EXTRACTED DATA -
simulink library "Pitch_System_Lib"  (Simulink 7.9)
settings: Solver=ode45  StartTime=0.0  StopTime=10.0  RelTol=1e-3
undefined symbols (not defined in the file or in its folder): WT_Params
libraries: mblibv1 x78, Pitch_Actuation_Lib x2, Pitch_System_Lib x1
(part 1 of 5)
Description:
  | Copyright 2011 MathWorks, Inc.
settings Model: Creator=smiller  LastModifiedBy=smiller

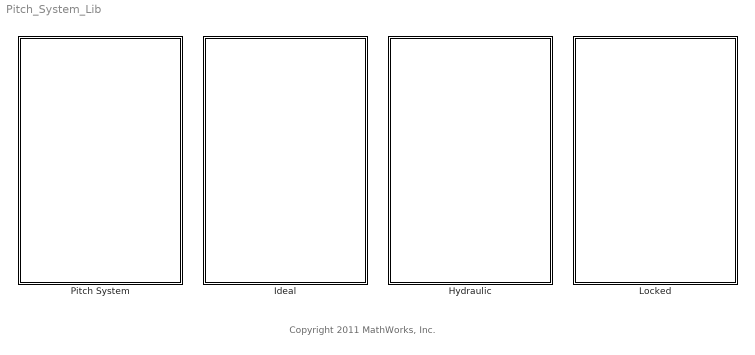
== system Pitch_System_Lib ==
  note: Copyright 2011 MathWorks, Inc.
  Hydraulic : Subsystem
      mask Display: image(imread('Pitch_Hydraulic_IMAGE.jpg'));
  Ideal : Subsystem
      mask Display: image(imread('Pitch_Ideal_IMAGE.jpg'));
  Locked : Subsystem
      mask Display: image(imread('Pitch_Locked_IMAGE.jpg'));
  Pitch System : Subsystem  BlockChoice=Hydraulic
      settings: TemplateBlock=self  MemberBlocks=Hydraulic,Ideal,Locked

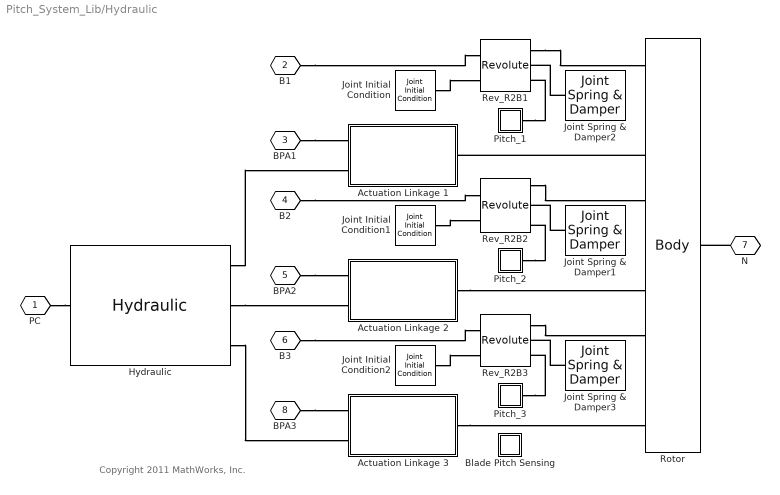
== system Pitch_System_Lib/Hydraulic ==
  note: Copyright 2011 MathWorks, Inc.
  Actuation Linkage 1 : Subsystem
      mask Display: image(imread('Pitch_Hydraulic_Linkage_IMAGE.jpg'));
  Actuation Linkage 2 : Subsystem
      mask Display: image(imread('Pitch_Hydraulic_Linkage_IMAGE.jpg'));
  Actuation Linkage 3 : Subsystem
      mask Display: image(imread('Pitch_Hydraulic_Linkage_IMAGE.jpg'));
  Blade Pitch Sensing : Subsystem
      mask Display: disp('S')
  Hydraulic : Pitch_Actuation_Lib/Hydraulic  SystemSampleTime=-1
  Joint Initial Condition : mblibv1/Sensors &  Actuators/Joint Initial Condition  SystemSampleTime=-1  UpdateFromCAD=off  LeftPortType=blob  RightPortType=blob  PhysicalDomain=mechanical  DialogClass=InitialConditionBlock  InitialConditions=P1$false$0$m$deg$0$m/s$deg/s#P2$false$0$m$deg$0$m/s$deg/s#P3$false$0$m$deg$0$m/s$deg/s#R1$true$0$m$deg$0$m/s$deg/s#R2$false$0$m$deg$0$m/s$deg/s#R3$false$0$m$deg$0$m/s$deg/s#S$false$0$m$deg$0$m/s$deg/s  P1PIC=0  P1VIC=0  P2PIC=0  P2VIC=0  P3PIC=0  P3VIC=0  R1PIC=0  R1VIC=0  R2PIC=0  R2VIC=0  R3PIC=0  R3VIC=0  SPIC=0  SVIC=0
  Joint Initial Condition1 : mblibv1/Sensors &  Actuators/Joint Initial Condition  SystemSampleTime=-1  UpdateFromCAD=off  LeftPortType=blob  RightPortType=blob  PhysicalDomain=mechanical  DialogClass=InitialConditionBlock  InitialConditions=P1$false$0$m$deg$0$m/s$deg/s#P2$false$0$m$deg$0$m/s$deg/s#P3$false$0$m$deg$0$m/s$deg/s#R1$true$0$m$deg$0$m/s$deg/s#R2$false$0$m$deg$0$m/s$deg/s#R3$false$0$m$deg$0$m/s$deg/s#S$false$0$m$deg$0$m/s$deg/s  P1PIC=0  P1VIC=0  P2PIC=0  P2VIC=0  P3PIC=0  P3VIC=0  R1PIC=0  R1VIC=0  R2PIC=0  R2VIC=0  R3PIC=0  R3VIC=0  SPIC=0  SVIC=0
  Joint Initial Condition2 : mblibv1/Sensors &  Actuators/Joint Initial Condition  SystemSampleTime=-1  UpdateFromCAD=off  LeftPortType=blob  RightPortType=blob  PhysicalDomain=mechanical  DialogClass=InitialConditionBlock  InitialConditions=P1$false$0$m$deg$0$m/s$deg/s#P2$false$0$m$deg$0$m/s$deg/s#P3$false$0$m$deg$0$m/s$deg/s#R1$true$0$m$deg$0$m/s$deg/s#R2$false$0$m$deg$0$m/s$deg/s#R3$false$0$m$deg$0$m/s$deg/s#S$false$0$m$deg$0$m/s$deg/s  P1PIC=0  P1VIC=0  P2PIC=0  P2VIC=0  P3PIC=0  P3VIC=0  R1PIC=0  R1VIC=0  R2PIC=0  R2VIC=0  R3PIC=0  R3VIC=0  SPIC=0  SVIC=0
  Joint Spring & Damper1 : mblibv1/Force  Elements/Joint Spring & Damper  SystemSampleTime=-1  UpdateFromCAD=off  DialogClass=JointSpringDamper  JFEParameters=P1$false$0$0$0$m$m/s$N$deg$deg/s$N*m#P2$false$0$0$0$m$m/s$N$deg$deg/s$N*m#P3$false$0$0$0$m$m/s$N$deg$deg/s$N*m#R1$true$0$WT_Params.Blade.damping$0$m$m/s$N$deg$deg/s$N*m#R2$false$0$0$0$m$m/s$N$deg$deg/s$N*m#R3$false$0$0$0$m$m/s$N$deg$deg/s$N*m#S$false$0$0$0$m$m/s$N$deg$deg/s$N*m
  Joint Spring & Damper2 : mblibv1/Force  Elements/Joint Spring & Damper  SystemSampleTime=-1  UpdateFromCAD=off  DialogClass=JointSpringDamper  JFEParameters=P1$false$0$0$0$m$m/s$N$deg$deg/s$N*m#P2$false$0$0$0$m$m/s$N$deg$deg/s$N*m#P3$false$0$0$0$m$m/s$N$deg$deg/s$N*m#R1$true$0$WT_Params.Blade.damping$0$m$m/s$N$deg$deg/s$N*m#R2$false$0$0$0$m$m/s$N$deg$deg/s$N*m#R3$false$0$0$0$m$m/s$N$deg$deg/s$N*m#S$false$0$0$0$m$m/s$N$deg$deg/s$N*m
  Joint Spring & Damper3 : mblibv1/Force  Elements/Joint Spring & Damper  SystemSampleTime=-1  UpdateFromCAD=off  DialogClass=JointSpringDamper  JFEParameters=P1$false$0$0$0$m$m/s$N$deg$deg/s$N*m#P2$false$0$0$0$m$m/s$N$deg$deg/s$N*m#P3$false$0$0$0$m$m/s$N$deg$deg/s$N*m#R1$true$0$WT_Params.Blade.damping$0$m$m/s$N$deg$deg/s$N*m#R2$false$0$0$0$m$m/s$N$deg$deg/s$N*m#R3$false$0$0$0$m$m/s$N$deg$deg/s$N*m#S$false$0$0$0$m$m/s$N$deg$deg/s$N*m
  Pitch_1 : Subsystem
  Pitch_2 : Subsystem
  Pitch_3 : Subsystem
  Rev_R2B1 : mblibv1/Joints/Revolute  LConnTagsString=__newl0|SA1|SA2  RConnTagsString=__newr0|SA1  UpdateFromCAD=off  NumSAPorts=3  CutJoint=off  MarkAsCut=off  Primitives=prismatic  PrimitiveProps=R1$Base$[0 -1 0]$revolute  DialogClass=JointBlock  R1Axis=[0 -1 0]
  Rev_R2B2 : mblibv1/Joints/Revolute  LConnTagsString=__newl0|SA1|SA2  RConnTagsString=__newr0|SA1  UpdateFromCAD=off  NumSAPorts=3  CutJoint=off  MarkAsCut=off  Primitives=prismatic  PrimitiveProps=R1$Base$[0 -1 0]$revolute  DialogClass=JointBlock  R1Axis=[0 -1 0]
  Rev_R2B3 : mblibv1/Joints/Revolute  LConnTagsString=__newl0|SA1|SA2  RConnTagsString=__newr0|SA1  UpdateFromCAD=off  NumSAPorts=3  CutJoint=off  MarkAsCut=off  Primitives=prismatic  PrimitiveProps=R1$Base$[0 -1 0]$revolute  DialogClass=JointBlock  R1Axis=[0 -1 0]
  Rotor : mblibv1/Bodies/Body  LConnTagsString=CS4|CS10|CS14|CS5|CS11|CS16|CS6|CS12|CS18  RConnTagsString=CG  UpdateFromCAD=off  DialogClass=MechanicalBodyBlock  Mass=WT_Params.Rotor.mass  MassUnits=kg  InertiaUnits=kg*m^2  Inertia=WT_Params.Rotor.inertia  Shape=Cylinder  ShapeDims=[1 1]  ShapeUnits=m  ShapeUse=false  Density=1  DensityUnits=kg/m^3  DensityUse=false  GraphicsMode=MACHINE_DEFAULT  BodyColorSelMode=COLORPALETTE  BodyColor=[1 1 1]  AttachedToCS=CG  CG=Right$CG$[0 0 0]$Adjoining$Adjoining$m$[0 0 0]$Euler X-Y-Z$deg$Adjoining$true$none  WorkingFrames=Right$CS19$[-WT_Params.Rotor.Geometry.length 0 0]$CG$CG$m$[0 0 0]$Euler X-Y-Z$deg$Adjoining$false$none#Left$CS1$[0 0 0]$CG$CG$m$[0 0 0]$Euler X-Y-Z$deg$CG$false$none#Left$CS4$[0 WT_Params.Rotor.radius 0]$CS1$CS1$m$[0 0 0]$Euler X-Y-Z$deg$CS1$true$none#Left$CS7$[0 0 0]$CG$CG$m$[60 0 0]$Euler X-Y-Z$deg$CG$false$none#Left$CS10$[0 WT_Params.Rotor.radius 0]$CS7$CS7$m$[0 0 0]$Euler X-Y-Z$deg$CS7$true$none#Left$CS13$[-WT_Params.Rotor.Pitch_Actuator_Offset.x 0 WT_Params.Rotor.Pitch_Actuator_Offset.z]$CG$CG$m$[WT_Params.Rotor.Pitch_Actuator_Offset.angle 0 0]$Euler X-Y-Z$deg$CG$false$none#Left$CS14$[0 WT_Params.Rotor.Pitch_Actuator_Offset.y 0]$CS13$CS13$m$[0 0 0]$Euler X-Y-Z$deg$CS13$true$none#Left$CS2$[0 0 0]$CG$CG$m$[120 0 0]$Euler X-Y-Z$deg$CG$false$none#Left$CS5$[0 WT_Params.Rotor.radius 0]$CS2$CS2$m$[0 0 0]$Euler X-Y-Z$deg$CS2$true$none#Left$CS8$[0 0 0]$CG$CG$m$[180 0 0]$Euler X-Y-Z$deg$CG$false$none#Left$CS11$[0 WT_Params.Rotor.radius 0]$CS8$CS8$m$[0 0 0]$Euler X-Y-Z$deg$CS8$true$none#Left$CS15$[-WT_Params.Rotor.Pitch_Actuator_Offset.x 0 0]$CG$CG$m$[WT_Params.Rotor.Pitch_Actuator_Offset.angle+120 0 0]$Euler X-Y-Z$deg$CG$false$none#Left$CS16$[0 WT_Params.Rotor.Pitch_Actuator_Offset.y WT_Params.Rotor.Pitch_Actuator_Offset.z]$CS15$CS15$m$[0 0 0]$Euler X-Y-Z$deg$CS15$true$none#Left$CS3$[0 0 0]$CG$CG$m$[240 0 0]$Euler X-Y-Z$deg$CG$false$none#Left$CS6$[0 WT_Params.Rotor.radius 0]$CS3$CS3$m$[0 0 0]$Euler X-Y-Z$deg$CS3$true$none#Left$CS9$[0 0 0]$CG$CG$m$[300 0 0]$Euler X-Y-Z$deg$CG$false$none#Left$CS12$[0 WT_Params.Rotor.radius 0]$CS9$CS9$m$[0 0 0]$Euler X-Y-Z$deg$CS9$true$none#Left$CS17$[-WT_Params.Rotor.Pitch_Actuator_Offset.x 0 0]$CG$CG$m$[WT_Params.Rotor.Pitch_Actuator_Offset.angle+240 0 0]$Euler X-Y-Z$deg$CG$false$none#Left$CS18$[0 WT_Params.Rotor.Pitch_Actuator_Offset.y WT_Params.Rotor.Pitch_Actuator_Offset.z]$CS17$CS17$m$[0 0 0]$Euler X-Y-Z$deg$CS17$true$none  CGPos=[0 0 0]  CGRot=[0 0 0]  CS0Pos=[]  CS0Rot=[]  CS1Pos=[0 0 0]  CS1Rot=[0 0 0]  CS2Pos=[0 0 0]  CS2Rot=[120 0 0]  CS3Pos=[0 0 0]  CS3Rot=[240 0 0]  CS4Pos=[0 WT_Params.Rotor.radius 0]  CS4Rot=[0 0 0]  CS5Pos=[0 WT_Params.Rotor.radius 0]  CS5Rot=[0 0 0]  CS6Pos=[0 WT_Params.Rotor.radius 0]  CS6Rot=[0 0 0]  CS7Pos=[0 0 0]  CS7Rot=[60 0 0]  CS8Pos=[0 0 0]  CS8Rot=[180 0 0]  CS9Pos=[0 0 0]  CS9Rot=[300 0 0]  CS10Pos=[0 WT_Params.Rotor.radius 0]  CS10Rot=[0 0 0]  CS11Pos=[0 WT_Params.Rotor.radius 0]  CS11Rot=[0 0 0]  CS12Pos=[0 WT_Params.Rotor.radius 0]  CS12Rot=[0 0 0]  CS13Pos=[-WT_Params.Rotor.Pitch_Actuator_Offset.x 0 WT_Params.Rotor.Pitch_Actuator_Offset.z]  CS13Rot=[WT_Params.Rotor.Pitch_Actuator_Offset.angle 0 0]  CS14Pos=[0 WT_Params.Rotor.Pitch_Actuator_Offset.y 0]  CS14Rot=[0 0 0]  CS15Pos=[-WT_Params.Rotor.Pitch_Actuator_Offset.x 0 0]  CS15Rot=[WT_Params.Rotor.Pitch_Actuator_Offset.angle+120 0 0]  CS16Pos=[0 WT_Params.Rotor.Pitch_Actuator_Offset.y WT_Params.Rotor.Pitch_Actuator_Offset.z]  CS16Rot=[0 0 0]  CS17Pos=[-WT_Params.Rotor.Pitch_Actuator_Offset.x 0 0]  CS17Rot=[WT_Params.Rotor.Pitch_Actuator_Offset.angle+240 0 0]  CS18Pos=[0 WT_Params.Rotor.Pitch_Actuator_Offset.y WT_Params.Rotor.Pitch_Actuator_Offset.z]  CS18Rot=[0 0 0]  CS19Pos=[-WT_Params.Rotor.Geometry.length 0 0]  CS19Rot=[0 0 0]  CS20Pos=[]  CS20Rot=[]
  PC : PMIOPort  Tag=PMCPort  Port=1  Side=Left
  B1 : PMIOPort  Tag=PMCPort  Port=2  Side=Left
  BPA1 : PMIOPort  Tag=PMCPort  Port=3  Side=Left
  B2 : PMIOPort  Tag=PMCPort  Port=4  Side=Left
  BPA2 : PMIOPort  Tag=PMCPort  Port=5  Side=Left
  B3 : PMIOPort  Tag=PMCPort  Port=6  Side=Left
  N : PMIOPort  Tag=PMCPort  Port=7  Side=Right
  BPA3 : PMIOPort  Tag=PMCPort  Port=8  Side=Left
  connections:
  Pitch_1/LConn1 -- Rev_R2B1/LConn3
  B3/RConn1 -- Rev_R2B3/RConn1
  B2/RConn1 -- Rev_R2B2/RConn1
  B1/RConn1 -- Rev_R2B1/RConn1
  Rev_R2B1/LConn1 -- Rotor/LConn1
  Rev_R2B2/LConn1 -- Rotor/LConn4
  Rev_R2B3/LConn1 -- Rotor/LConn7
  Rotor/LConn3 -- Actuation Linkage 1/RConn1
  Hydraulic/RConn1 -- Actuation Linkage 1/LConn2
  BPA2/RConn1 -- Actuation Linkage 2/LConn1
  Actuation Linkage 3/RConn1 -- Rotor/LConn9
  BPA3/RConn1 -- Actuation Linkage 3/LConn1
  Actuation Linkage 2/RConn1 -- Rotor/LConn6
  BPA1/RConn1 -- Actuation Linkage 1/LConn1
  Hydraulic/RConn3 -- Actuation Linkage 3/LConn2
  PC/RConn1 -- Hydraulic/LConn1
  Hydraulic/RConn2 -- Actuation Linkage 2/LConn2
  Joint Spring & Damper1/LConn1 -- Rev_R2B2/LConn2
  Joint Spring & Damper3/LConn1 -- Rev_R2B3/LConn2
  Joint Spring & Damper2/LConn1 -- Rev_R2B1/LConn2
  Joint Initial Condition/RConn1 -- Rev_R2B1/RConn2
  Joint Initial Condition1/RConn1 -- Rev_R2B2/RConn2
  Joint Initial Condition2/RConn1 -- Rev_R2B3/RConn2
  Pitch_2/LConn1 -- Rev_R2B2/LConn3
  Pitch_3/LConn1 -- Rev_R2B3/LConn3
  N/RConn1 -- Rotor/RConn1

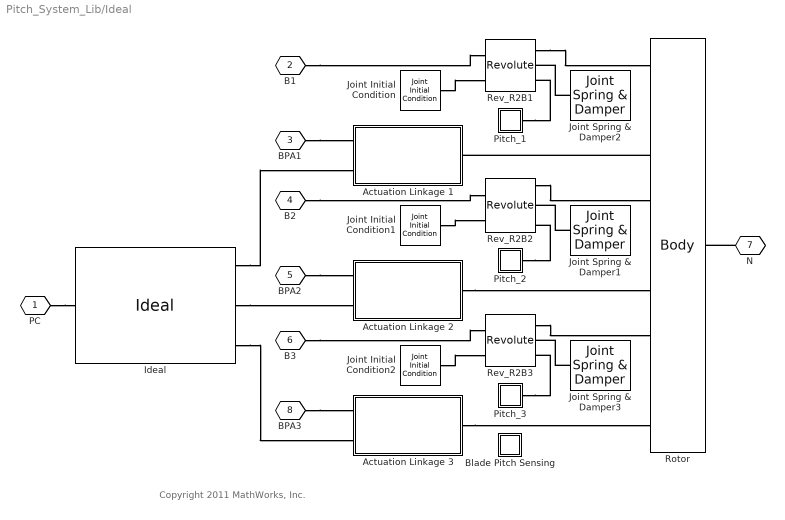
== system Pitch_System_Lib/Ideal ==
  note: Copyright 2011 MathWorks, Inc.
  Actuation Linkage 1 : Subsystem
      mask Display: image(imread('Pitch_Ideal_Linkage_IMAGE.jpg'));
  Actuation Linkage 2 : Subsystem
      mask Display: image(imread('Pitch_Ideal_Linkage_IMAGE.jpg'));
  Actuation Linkage 3 : Subsystem
      mask Display: image(imread('Pitch_Ideal_Linkage_IMAGE.jpg'));
  Blade Pitch Sensing : Subsystem
      mask Display: disp('S')
  Ideal : Pitch_Actuation_Lib/Ideal  SystemSampleTime=-1
  Joint Initial Condition : mblibv1/Sensors &  Actuators/Joint Initial Condition  SystemSampleTime=-1  UpdateFromCAD=off  LeftPortType=blob  RightPortType=blob  PhysicalDomain=mechanical  DialogClass=InitialConditionBlock  InitialConditions=P1$false$0$m$deg$0$m/s$deg/s#P2$false$0$m$deg$0$m/s$deg/s#P3$false$0$m$deg$0$m/s$deg/s#R1$true$0$m$deg$0$m/s$deg/s#R2$false$0$m$deg$0$m/s$deg/s#R3$false$0$m$deg$0$m/s$deg/s#S$false$0$m$deg$0$m/s$deg/s  P1PIC=0  P1VIC=0  P2PIC=0  P2VIC=0  P3PIC=0  P3VIC=0  R1PIC=0  R1VIC=0  R2PIC=0  R2VIC=0  R3PIC=0  R3VIC=0  SPIC=0  SVIC=0
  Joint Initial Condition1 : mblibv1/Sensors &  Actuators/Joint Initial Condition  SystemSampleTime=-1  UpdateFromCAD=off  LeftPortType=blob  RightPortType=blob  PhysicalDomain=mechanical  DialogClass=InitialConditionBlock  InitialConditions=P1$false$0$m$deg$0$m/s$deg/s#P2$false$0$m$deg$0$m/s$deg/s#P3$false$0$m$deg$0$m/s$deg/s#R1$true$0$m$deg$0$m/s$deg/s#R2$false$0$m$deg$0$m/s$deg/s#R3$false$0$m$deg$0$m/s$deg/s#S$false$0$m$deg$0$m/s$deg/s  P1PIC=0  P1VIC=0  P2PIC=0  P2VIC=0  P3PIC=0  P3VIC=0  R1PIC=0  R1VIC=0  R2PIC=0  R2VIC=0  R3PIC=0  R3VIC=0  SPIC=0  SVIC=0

TASK DESCRIPTION - Copy out precisely the lines from the line with "B3 : PMIOPort" to the line with "B1/RConn1 -- Rev_R2B1/RConn1" in the material above, including those two lines and omitting all the rest.

WRITTEN SOLUTION -
  B3 : PMIOPort  Tag=PMCPort  Port=6  Side=Left
  N : PMIOPort  Tag=PMCPort  Port=7  Side=Right
  BPA3 : PMIOPort  Tag=PMCPort  Port=8  Side=Left
  connections:
  Pitch_1/LConn1 -- Rev_R2B1/LConn3
  B3/RConn1 -- Rev_R2B3/RConn1
  B2/RConn1 -- Rev_R2B2/RConn1
  B1/RConn1 -- Rev_R2B1/RConn1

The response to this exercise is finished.